Tuesday marks eight decades since the shocking attack on Pearl Harbor. The date that changed the course of a nation will be marked by about 35 military survivors who plan to gather at multiple events.
When hundreds of Japanese planes bombed American service members and civilians on U.S. soil on Dec. 7, 1941 – killing more than 2,400 – America was an “isolated, quiet, withdrawn” nation said Craig Nelson, author of the 2016 book “Pearl Harbor: From Infamy to Greatness.”
The events of that day, dubbed “a date which will live in infamy” by then-President Franklin D. Roosevelt, launched America’s involvement in World War II, beginning decades of growing global U.S. influence.
The date will be observed at Hawaii’s Pearl Harbor National Memorial with multiple events, including a ceremony for the 429 USS Oklahoma crew members killed in the attack.
Each year, the National Memorial marks Pearl Harbor Remembrance Day by commemorating how “December 7 was a catalyst that led to a changed world.” This year, the memorial is focusing on the “long and difficult road to peace” and highlighting “the importance of the peace that brought reconciliation,” according to its website.
Ceremonies this week will be the first in-person events to commemorate Pearl Harbor since the start of the COVID-19 pandemic. The National Park Service said it’s trying to minimize veterans’ potential exposure to the coronavirus. This year, masks are required in all areas regardless of vaccination status, including when social distance is maintained.
“This year is not going to be as big as years in the past,” National Park Service program specialist Emily Pruett told USA TODAY.
Even with yearly memorials, collective understanding of Pearl Harbor is slipping, Nelson said. In 2021, most Americans probably don’t realize how large a shift the attack prompted in culture and society for the individual American, Nelson said.
“If you lived before Pearl Harbor, you would feel more comfortable going back to the Revolutionary War era than you would moving to the era now,” Nelson said.
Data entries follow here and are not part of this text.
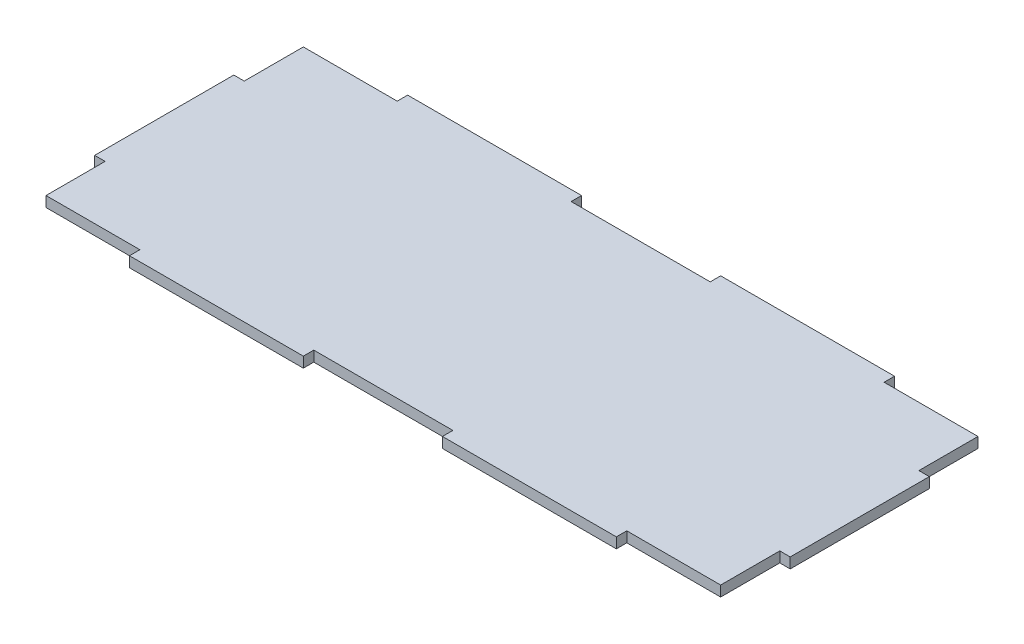
ISO-10303-21;
HEADER;
FILE_DESCRIPTION(('STEP AP214'),'2;1');
FILE_NAME('part.step','',(''),(''),'','','');
FILE_SCHEMA(('AUTOMOTIVE_DESIGN { 1 0 10303 214 1 1 1 1 }'));
ENDSEC;
DATA;
#1=APPLICATION_CONTEXT('core data for automotive mechanical design processes');
#2=APPLICATION_PROTOCOL_DEFINITION('international standard','automotive_design',2000,#1);
#3=PRODUCT_CONTEXT('',#1,'mechanical');
#4=PRODUCT('Part','Part','',(#3));
#5=PRODUCT_RELATED_PRODUCT_CATEGORY('part','',(#4));
#6=PRODUCT_DEFINITION_FORMATION('','',#4);
#7=PRODUCT_DEFINITION_CONTEXT('part definition',#1,'design');
#8=PRODUCT_DEFINITION('design','',#6,#7);
#9=PRODUCT_DEFINITION_SHAPE('','',#8);
#10=(LENGTH_UNIT() NAMED_UNIT(*) SI_UNIT(.MILLI.,.METRE.));
#11=(NAMED_UNIT(*) PLANE_ANGLE_UNIT() SI_UNIT($,.RADIAN.));
#12=(NAMED_UNIT(*) SI_UNIT($,.STERADIAN.) SOLID_ANGLE_UNIT());
#13=UNCERTAINTY_MEASURE_WITH_UNIT(LENGTH_MEASURE(1.E-05),#10,'distance_accuracy_value','');
#14=(GEOMETRIC_REPRESENTATION_CONTEXT(3) GLOBAL_UNCERTAINTY_ASSIGNED_CONTEXT((#13)) GLOBAL_UNIT_ASSIGNED_CONTEXT((#10,
#11,#12)) REPRESENTATION_CONTEXT('',''));
#15=CARTESIAN_POINT('',(0.,0.,0.));
#16=DIRECTION('',(0.,0.,1.));
#17=DIRECTION('',(1.,0.,0.));
#18=AXIS2_PLACEMENT_3D('',#15,#16,#17);
#19=CARTESIAN_POINT('',(130.946189250102,3.,-25.5131654357669));
#20=DIRECTION('',(-1.,0.,0.));
#21=DIRECTION('',(0.,0.,1.));
#22=AXIS2_PLACEMENT_3D('',#19,#20,#21);
#23=PLANE('',#22);
#24=DIRECTION('',(0.,0.,-1.));
#25=VECTOR('',#24,1.);
#26=CARTESIAN_POINT('',(130.946189250102,0.,-25.5131654357669));
#27=LINE('',#26,#25);
#28=CARTESIAN_POINT('',(130.946189250102,0.,-8.5131654357669));
#29=VERTEX_POINT('',#28);
#30=CARTESIAN_POINT('',(130.946189250102,0.,-25.5131654357669));
#31=VERTEX_POINT('',#30);
#32=EDGE_CURVE('E249',#29,#31,#27,.T.);
#33=ORIENTED_EDGE('',*,*,#32,.T.);
#34=DIRECTION('',(0.,-1.,0.));
#35=VECTOR('',#34,1.);
#36=CARTESIAN_POINT('',(130.946189250102,3.,-25.5131654357669));
#37=LINE('',#36,#35);
#38=CARTESIAN_POINT('',(130.946189250102,3.,-25.5131654357669));
#39=VERTEX_POINT('',#38);
#40=EDGE_CURVE('E11',#39,#31,#37,.T.);
#41=ORIENTED_EDGE('',*,*,#40,.F.);
#42=DIRECTION('',(0.,0.,-1.));
#43=VECTOR('',#42,1.);
#44=CARTESIAN_POINT('',(130.946189250102,3.,-25.5131654357669));
#45=LINE('',#44,#43);
#46=CARTESIAN_POINT('',(130.946189250102,3.,-8.5131654357669));
#47=VERTEX_POINT('',#46);
#48=EDGE_CURVE('E303',#47,#39,#45,.T.);
#49=ORIENTED_EDGE('',*,*,#48,.F.);
#50=DIRECTION('',(0.,-1.,0.));
#51=VECTOR('',#50,1.);
#52=CARTESIAN_POINT('',(130.946189250102,3.,-8.5131654357669));
#53=LINE('',#52,#51);
#54=EDGE_CURVE('E245',#47,#29,#53,.T.);
#55=ORIENTED_EDGE('',*,*,#54,.T.);
#56=EDGE_LOOP('',(#33,#41,#49,#55));
#57=FACE_BOUND('',#56,.T.);
#58=ADVANCED_FACE('F33',(#57),#23,.F.);
#59=CARTESIAN_POINT('',(130.946189250102,3.,-25.5131654357669));
#60=DIRECTION('',(0.,0.,1.));
#61=DIRECTION('',(1.,0.,0.));
#62=AXIS2_PLACEMENT_3D('',#59,#60,#61);
#63=PLANE('',#62);
#64=DIRECTION('',(-1.,0.,0.));
#65=VECTOR('',#64,1.);
#66=CARTESIAN_POINT('',(130.946189250102,0.,-25.5131654357669));
#67=LINE('',#66,#65);
#68=CARTESIAN_POINT('',(103.946189250102,0.,-25.5131654357669));
#69=VERTEX_POINT('',#68);
#70=EDGE_CURVE('E252',#31,#69,#67,.T.);
#71=ORIENTED_EDGE('',*,*,#70,.T.);
#72=DIRECTION('',(0.,-1.,0.));
#73=VECTOR('',#72,1.);
#74=CARTESIAN_POINT('',(103.946189250102,3.,-25.5131654357669));
#75=LINE('',#74,#73);
#76=CARTESIAN_POINT('',(103.946189250102,3.,-25.5131654357669));
#77=VERTEX_POINT('',#76);
#78=EDGE_CURVE('E41',#77,#69,#75,.T.);
#79=ORIENTED_EDGE('',*,*,#78,.F.);
#80=DIRECTION('',(-1.,0.,0.));
#81=VECTOR('',#80,1.);
#82=CARTESIAN_POINT('',(130.946189250102,3.,-25.5131654357669));
#83=LINE('',#82,#81);
#84=EDGE_CURVE('E152',#39,#77,#83,.T.);
#85=ORIENTED_EDGE('',*,*,#84,.F.);
#86=ORIENTED_EDGE('',*,*,#40,.T.);
#87=EDGE_LOOP('',(#71,#79,#85,#86));
#88=FACE_BOUND('',#87,.T.);
#89=ADVANCED_FACE('F461',(#88),#63,.F.);
#90=CARTESIAN_POINT('',(103.946189250102,3.,-28.5131654357669));
#91=DIRECTION('',(-1.,0.,0.));
#92=DIRECTION('',(0.,0.,1.));
#93=AXIS2_PLACEMENT_3D('',#90,#91,#92);
#94=PLANE('',#93);
#95=DIRECTION('',(0.,0.,-1.));
#96=VECTOR('',#95,1.);
#97=CARTESIAN_POINT('',(103.946189250102,0.,-28.5131654357669));
#98=LINE('',#97,#96);
#99=CARTESIAN_POINT('',(103.946189250102,0.,-28.5131654357669));
#100=VERTEX_POINT('',#99);
#101=EDGE_CURVE('E254',#69,#100,#98,.T.);
#102=ORIENTED_EDGE('',*,*,#101,.T.);
#103=DIRECTION('',(0.,-1.,0.));
#104=VECTOR('',#103,1.);
#105=CARTESIAN_POINT('',(103.946189250102,3.,-28.5131654357669));
#106=LINE('',#105,#104);
#107=CARTESIAN_POINT('',(103.946189250102,3.,-28.5131654357669));
#108=VERTEX_POINT('',#107);
#109=EDGE_CURVE('E370',#108,#100,#106,.T.);
#110=ORIENTED_EDGE('',*,*,#109,.F.);
#111=DIRECTION('',(0.,0.,-1.));
#112=VECTOR('',#111,1.);
#113=CARTESIAN_POINT('',(103.946189250102,3.,-28.5131654357669));
#114=LINE('',#113,#112);
#115=EDGE_CURVE('E378',#77,#108,#114,.T.);
#116=ORIENTED_EDGE('',*,*,#115,.F.);
#117=ORIENTED_EDGE('',*,*,#78,.T.);
#118=EDGE_LOOP('',(#102,#110,#116,#117));
#119=FACE_BOUND('',#118,.T.);
#120=ADVANCED_FACE('F376',(#119),#94,.F.);
#121=CARTESIAN_POINT('',(53.9461892501022,3.,-28.5131654357669));
#122=DIRECTION('',(0.,0.,1.));
#123=DIRECTION('',(1.,0.,0.));
#124=AXIS2_PLACEMENT_3D('',#121,#122,#123);
#125=PLANE('',#124);
#126=DIRECTION('',(-1.,0.,0.));
#127=VECTOR('',#126,1.);
#128=CARTESIAN_POINT('',(53.9461892501022,0.,-28.5131654357669));
#129=LINE('',#128,#127);
#130=CARTESIAN_POINT('',(53.9461892501022,0.,-28.5131654357669));
#131=VERTEX_POINT('',#130);
#132=EDGE_CURVE('E256',#100,#131,#129,.T.);
#133=ORIENTED_EDGE('',*,*,#132,.T.);
#134=DIRECTION('',(0.,-1.,0.));
#135=VECTOR('',#134,1.);
#136=CARTESIAN_POINT('',(53.9461892501022,3.,-28.5131654357669));
#137=LINE('',#136,#135);
#138=CARTESIAN_POINT('',(53.9461892501022,3.,-28.5131654357669));
#139=VERTEX_POINT('',#138);
#140=EDGE_CURVE('E367',#139,#131,#137,.T.);
#141=ORIENTED_EDGE('',*,*,#140,.F.);
#142=DIRECTION('',(-1.,0.,0.));
#143=VECTOR('',#142,1.);
#144=CARTESIAN_POINT('',(53.9461892501022,3.,-28.5131654357669));
#145=LINE('',#144,#143);
#146=EDGE_CURVE('E396',#108,#139,#145,.T.);
#147=ORIENTED_EDGE('',*,*,#146,.F.);
#148=ORIENTED_EDGE('',*,*,#109,.T.);
#149=EDGE_LOOP('',(#133,#141,#147,#148));
#150=FACE_BOUND('',#149,.T.);
#151=ADVANCED_FACE('F387',(#150),#125,.F.);
#152=CARTESIAN_POINT('',(53.9461892501022,3.,-28.5131654357669));
#153=DIRECTION('',(1.,0.,0.));
#154=DIRECTION('',(0.,0.,-1.));
#155=AXIS2_PLACEMENT_3D('',#152,#153,#154);
#156=PLANE('',#155);
#157=DIRECTION('',(0.,0.,1.));
#158=VECTOR('',#157,1.);
#159=CARTESIAN_POINT('',(53.9461892501022,0.,-28.5131654357669));
#160=LINE('',#159,#158);
#161=CARTESIAN_POINT('',(53.9461892501022,0.,-25.5131654357669));
#162=VERTEX_POINT('',#161);
#163=EDGE_CURVE('E258',#131,#162,#160,.T.);
#164=ORIENTED_EDGE('',*,*,#163,.T.);
#165=DIRECTION('',(0.,-1.,0.));
#166=VECTOR('',#165,1.);
#167=CARTESIAN_POINT('',(53.9461892501022,3.,-25.5131654357669));
#168=LINE('',#167,#166);
#169=CARTESIAN_POINT('',(53.9461892501022,3.,-25.5131654357669));
#170=VERTEX_POINT('',#169);
#171=EDGE_CURVE('E364',#170,#162,#168,.T.);
#172=ORIENTED_EDGE('',*,*,#171,.F.);
#173=DIRECTION('',(0.,0.,1.));
#174=VECTOR('',#173,1.);
#175=CARTESIAN_POINT('',(53.9461892501022,3.,-28.5131654357669));
#176=LINE('',#175,#174);
#177=EDGE_CURVE('E393',#139,#170,#176,.T.);
#178=ORIENTED_EDGE('',*,*,#177,.F.);
#179=ORIENTED_EDGE('',*,*,#140,.T.);
#180=EDGE_LOOP('',(#164,#172,#178,#179));
#181=FACE_BOUND('',#180,.T.);
#182=ADVANCED_FACE('F391',(#181),#156,.F.);
#183=CARTESIAN_POINT('',(13.9461892501022,3.,-25.5131654357669));
#184=DIRECTION('',(0.,0.,1.));
#185=DIRECTION('',(1.,0.,0.));
#186=AXIS2_PLACEMENT_3D('',#183,#184,#185);
#187=PLANE('',#186);
#188=DIRECTION('',(-1.,0.,0.));
#189=VECTOR('',#188,1.);
#190=CARTESIAN_POINT('',(13.9461892501022,0.,-25.5131654357669));
#191=LINE('',#190,#189);
#192=CARTESIAN_POINT('',(13.9461892501022,0.,-25.5131654357669));
#193=VERTEX_POINT('',#192);
#194=EDGE_CURVE('E260',#162,#193,#191,.T.);
#195=ORIENTED_EDGE('',*,*,#194,.T.);
#196=DIRECTION('',(0.,-1.,0.));
#197=VECTOR('',#196,1.);
#198=CARTESIAN_POINT('',(13.9461892501022,3.,-25.5131654357669));
#199=LINE('',#198,#197);
#200=CARTESIAN_POINT('',(13.9461892501022,3.,-25.5131654357669));
#201=VERTEX_POINT('',#200);
#202=EDGE_CURVE('E361',#201,#193,#199,.T.);
#203=ORIENTED_EDGE('',*,*,#202,.F.);
#204=DIRECTION('',(-1.,0.,0.));
#205=VECTOR('',#204,1.);
#206=CARTESIAN_POINT('',(13.9461892501022,3.,-25.5131654357669));
#207=LINE('',#206,#205);
#208=EDGE_CURVE('E395',#170,#201,#207,.T.);
#209=ORIENTED_EDGE('',*,*,#208,.F.);
#210=ORIENTED_EDGE('',*,*,#171,.T.);
#211=EDGE_LOOP('',(#195,#203,#209,#210));
#212=FACE_BOUND('',#211,.T.);
#213=ADVANCED_FACE('F474',(#212),#187,.F.);
#214=CARTESIAN_POINT('',(13.9461892501022,3.,-28.5131654357669));
#215=DIRECTION('',(-1.,0.,0.));
#216=DIRECTION('',(0.,0.,1.));
#217=AXIS2_PLACEMENT_3D('',#214,#215,#216);
#218=PLANE('',#217);
#219=DIRECTION('',(0.,0.,-1.));
#220=VECTOR('',#219,1.);
#221=CARTESIAN_POINT('',(13.9461892501022,0.,-28.5131654357669));
#222=LINE('',#221,#220);
#223=CARTESIAN_POINT('',(13.9461892501022,0.,-28.5131654357669));
#224=VERTEX_POINT('',#223);
#225=EDGE_CURVE('E262',#193,#224,#222,.T.);
#226=ORIENTED_EDGE('',*,*,#225,.T.);
#227=DIRECTION('',(0.,-1.,0.));
#228=VECTOR('',#227,1.);
#229=CARTESIAN_POINT('',(13.9461892501022,3.,-28.5131654357669));
#230=LINE('',#229,#228);
#231=CARTESIAN_POINT('',(13.9461892501022,3.,-28.5131654357669));
#232=VERTEX_POINT('',#231);
#233=EDGE_CURVE('E358',#232,#224,#230,.T.);
#234=ORIENTED_EDGE('',*,*,#233,.F.);
#235=DIRECTION('',(0.,0.,-1.));
#236=VECTOR('',#235,1.);
#237=CARTESIAN_POINT('',(13.9461892501022,3.,-28.5131654357669));
#238=LINE('',#237,#236);
#239=EDGE_CURVE('E398',#201,#232,#238,.T.);
#240=ORIENTED_EDGE('',*,*,#239,.F.);
#241=ORIENTED_EDGE('',*,*,#202,.T.);
#242=EDGE_LOOP('',(#226,#234,#240,#241));
#243=FACE_BOUND('',#242,.T.);
#244=ADVANCED_FACE('F477',(#243),#218,.F.);
#245=CARTESIAN_POINT('',(-36.0538107498978,3.,-28.5131654357669));
#246=DIRECTION('',(0.,0.,1.));
#247=DIRECTION('',(1.,0.,0.));
#248=AXIS2_PLACEMENT_3D('',#245,#246,#247);
#249=PLANE('',#248);
#250=DIRECTION('',(-1.,0.,0.));
#251=VECTOR('',#250,1.);
#252=CARTESIAN_POINT('',(-36.0538107498978,0.,-28.5131654357669));
#253=LINE('',#252,#251);
#254=CARTESIAN_POINT('',(-36.0538107498978,0.,-28.5131654357669));
#255=VERTEX_POINT('',#254);
#256=EDGE_CURVE('E264',#224,#255,#253,.T.);
#257=ORIENTED_EDGE('',*,*,#256,.T.);
#258=DIRECTION('',(0.,-1.,0.));
#259=VECTOR('',#258,1.);
#260=CARTESIAN_POINT('',(-36.0538107498978,3.,-28.5131654357669));
#261=LINE('',#260,#259);
#262=CARTESIAN_POINT('',(-36.0538107498978,3.,-28.5131654357669));
#263=VERTEX_POINT('',#262);
#264=EDGE_CURVE('E355',#263,#255,#261,.T.);
#265=ORIENTED_EDGE('',*,*,#264,.F.);
#266=DIRECTION('',(-1.,0.,0.));
#267=VECTOR('',#266,1.);
#268=CARTESIAN_POINT('',(-36.0538107498978,3.,-28.5131654357669));
#269=LINE('',#268,#267);
#270=EDGE_CURVE('E404',#232,#263,#269,.T.);
#271=ORIENTED_EDGE('',*,*,#270,.F.);
#272=ORIENTED_EDGE('',*,*,#233,.T.);
#273=EDGE_LOOP('',(#257,#265,#271,#272));
#274=FACE_BOUND('',#273,.T.);
#275=ADVANCED_FACE('F481',(#274),#249,.F.);
#276=CARTESIAN_POINT('',(-36.0538107498978,3.,-28.5131654357669));
#277=DIRECTION('',(1.,0.,0.));
#278=DIRECTION('',(0.,0.,-1.));
#279=AXIS2_PLACEMENT_3D('',#276,#277,#278);
#280=PLANE('',#279);
#281=DIRECTION('',(0.,0.,1.));
#282=VECTOR('',#281,1.);
#283=CARTESIAN_POINT('',(-36.0538107498978,0.,-28.5131654357669));
#284=LINE('',#283,#282);
#285=CARTESIAN_POINT('',(-36.0538107498978,0.,-25.5131654357669));
#286=VERTEX_POINT('',#285);
#287=EDGE_CURVE('E266',#255,#286,#284,.T.);
#288=ORIENTED_EDGE('',*,*,#287,.T.);
#289=DIRECTION('',(0.,-1.,0.));
#290=VECTOR('',#289,1.);
#291=CARTESIAN_POINT('',(-36.0538107498978,3.,-25.5131654357669));
#292=LINE('',#291,#290);
#293=CARTESIAN_POINT('',(-36.0538107498978,3.,-25.5131654357669));
#294=VERTEX_POINT('',#293);
#295=EDGE_CURVE('E352',#294,#286,#292,.T.);
#296=ORIENTED_EDGE('',*,*,#295,.F.);
#297=DIRECTION('',(0.,0.,1.));
#298=VECTOR('',#297,1.);
#299=CARTESIAN_POINT('',(-36.0538107498978,3.,-28.5131654357669));
#300=LINE('',#299,#298);
#301=EDGE_CURVE('E406',#263,#294,#300,.T.);
#302=ORIENTED_EDGE('',*,*,#301,.F.);
#303=ORIENTED_EDGE('',*,*,#264,.T.);
#304=EDGE_LOOP('',(#288,#296,#302,#303));
#305=FACE_BOUND('',#304,.T.);
#306=ADVANCED_FACE('F485',(#305),#280,.F.);
#307=CARTESIAN_POINT('',(-63.0538107498979,3.,-25.5131654357669));
#308=DIRECTION('',(0.,0.,1.));
#309=DIRECTION('',(1.,0.,0.));
#310=AXIS2_PLACEMENT_3D('',#307,#308,#309);
#311=PLANE('',#310);
#312=DIRECTION('',(-1.,0.,0.));
#313=VECTOR('',#312,1.);
#314=CARTESIAN_POINT('',(-63.0538107498979,0.,-25.5131654357669));
#315=LINE('',#314,#313);
#316=CARTESIAN_POINT('',(-63.0538107498979,0.,-25.5131654357669));
#317=VERTEX_POINT('',#316);
#318=EDGE_CURVE('E268',#286,#317,#315,.T.);
#319=ORIENTED_EDGE('',*,*,#318,.T.);
#320=DIRECTION('',(0.,-1.,0.));
#321=VECTOR('',#320,1.);
#322=CARTESIAN_POINT('',(-63.0538107498979,3.,-25.5131654357669));
#323=LINE('',#322,#321);
#324=CARTESIAN_POINT('',(-63.0538107498979,3.,-25.5131654357669));
#325=VERTEX_POINT('',#324);
#326=EDGE_CURVE('E349',#325,#317,#323,.T.);
#327=ORIENTED_EDGE('',*,*,#326,.F.);
#328=DIRECTION('',(-1.,0.,0.));
#329=VECTOR('',#328,1.);
#330=CARTESIAN_POINT('',(-63.0538107498979,3.,-25.5131654357669));
#331=LINE('',#330,#329);
#332=EDGE_CURVE('E408',#294,#325,#331,.T.);
#333=ORIENTED_EDGE('',*,*,#332,.F.);
#334=ORIENTED_EDGE('',*,*,#295,.T.);
#335=EDGE_LOOP('',(#319,#327,#333,#334));
#336=FACE_BOUND('',#335,.T.);
#337=ADVANCED_FACE('F489',(#336),#311,.F.);
#338=CARTESIAN_POINT('',(-63.0538107498979,3.,-25.5131654357669));
#339=DIRECTION('',(1.,0.,0.));
#340=DIRECTION('',(0.,0.,-1.));
#341=AXIS2_PLACEMENT_3D('',#338,#339,#340);
#342=PLANE('',#341);
#343=DIRECTION('',(0.,0.,1.));
#344=VECTOR('',#343,1.);
#345=CARTESIAN_POINT('',(-63.0538107498979,0.,-25.5131654357669));
#346=LINE('',#345,#344);
#347=CARTESIAN_POINT('',(-63.0538107498979,0.,-8.51316543576689));
#348=VERTEX_POINT('',#347);
#349=EDGE_CURVE('E270',#317,#348,#346,.T.);
#350=ORIENTED_EDGE('',*,*,#349,.T.);
#351=DIRECTION('',(0.,-1.,0.));
#352=VECTOR('',#351,1.);
#353=CARTESIAN_POINT('',(-63.0538107498979,3.,-8.51316543576689));
#354=LINE('',#353,#352);
#355=CARTESIAN_POINT('',(-63.0538107498979,3.,-8.51316543576689));
#356=VERTEX_POINT('',#355);
#357=EDGE_CURVE('E346',#356,#348,#354,.T.);
#358=ORIENTED_EDGE('',*,*,#357,.F.);
#359=DIRECTION('',(0.,0.,1.));
#360=VECTOR('',#359,1.);
#361=CARTESIAN_POINT('',(-63.0538107498979,3.,-25.5131654357669));
#362=LINE('',#361,#360);
#363=EDGE_CURVE('E410',#325,#356,#362,.T.);
#364=ORIENTED_EDGE('',*,*,#363,.F.);
#365=ORIENTED_EDGE('',*,*,#326,.T.);
#366=EDGE_LOOP('',(#350,#358,#364,#365));
#367=FACE_BOUND('',#366,.T.);
#368=ADVANCED_FACE('F493',(#367),#342,.F.);
#369=CARTESIAN_POINT('',(-66.0538107498979,3.,-8.51316543576689));
#370=DIRECTION('',(0.,0.,1.));
#371=DIRECTION('',(1.,0.,0.));
#372=AXIS2_PLACEMENT_3D('',#369,#370,#371);
#373=PLANE('',#372);
#374=DIRECTION('',(-1.,0.,0.));
#375=VECTOR('',#374,1.);
#376=CARTESIAN_POINT('',(-66.0538107498979,0.,-8.51316543576689));
#377=LINE('',#376,#375);
#378=CARTESIAN_POINT('',(-66.0538107498979,0.,-8.51316543576689));
#379=VERTEX_POINT('',#378);
#380=EDGE_CURVE('E272',#348,#379,#377,.T.);
#381=ORIENTED_EDGE('',*,*,#380,.T.);
#382=DIRECTION('',(0.,-1.,0.));
#383=VECTOR('',#382,1.);
#384=CARTESIAN_POINT('',(-66.0538107498979,3.,-8.51316543576689));
#385=LINE('',#384,#383);
#386=CARTESIAN_POINT('',(-66.0538107498979,3.,-8.51316543576689));
#387=VERTEX_POINT('',#386);
#388=EDGE_CURVE('E343',#387,#379,#385,.T.);
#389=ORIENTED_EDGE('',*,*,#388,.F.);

The attack on Pearl Harbor caused Americans to “pull together” to fight fascism, Nelson said. Later, in the Cold War, the country waged a global fight against communism. Most recently, the wars in Iraq and Afghanistan further expanded the U.S. military’s global reach.
But Nelson and Nicholson said the nation’s collective memory of Pearl Harbor and the impact of World War II is fading.
“One solider that died represents a mom, and a dad and a sibling back home,” Nicholson said. “I want people to not forget what’s happening with those left behind.”
She said people were stunned at the bombing of Pearl Harbor in 1941 – the same way Americans were shocked and overwhelmed by the 9/11 attacks nearly 60 years later.
But the aftermath of Pearl Harbor is what Nicholson remembers most: hiding at Waipahu sugar plantation, martial law in Hawaii and her family being unable to return to their house on the Waipi’o Peninsula because of the risk of undetonated bombs.
In three decades of work cataloguing the stories of Pearl Harbor, Nicholson said she wants people to reconsider the lives of everyone affected by war, including women and children and civilians whose stories she said are more likely to be forgotten.
“I want people to know that war affects everyone,” Nicholson said.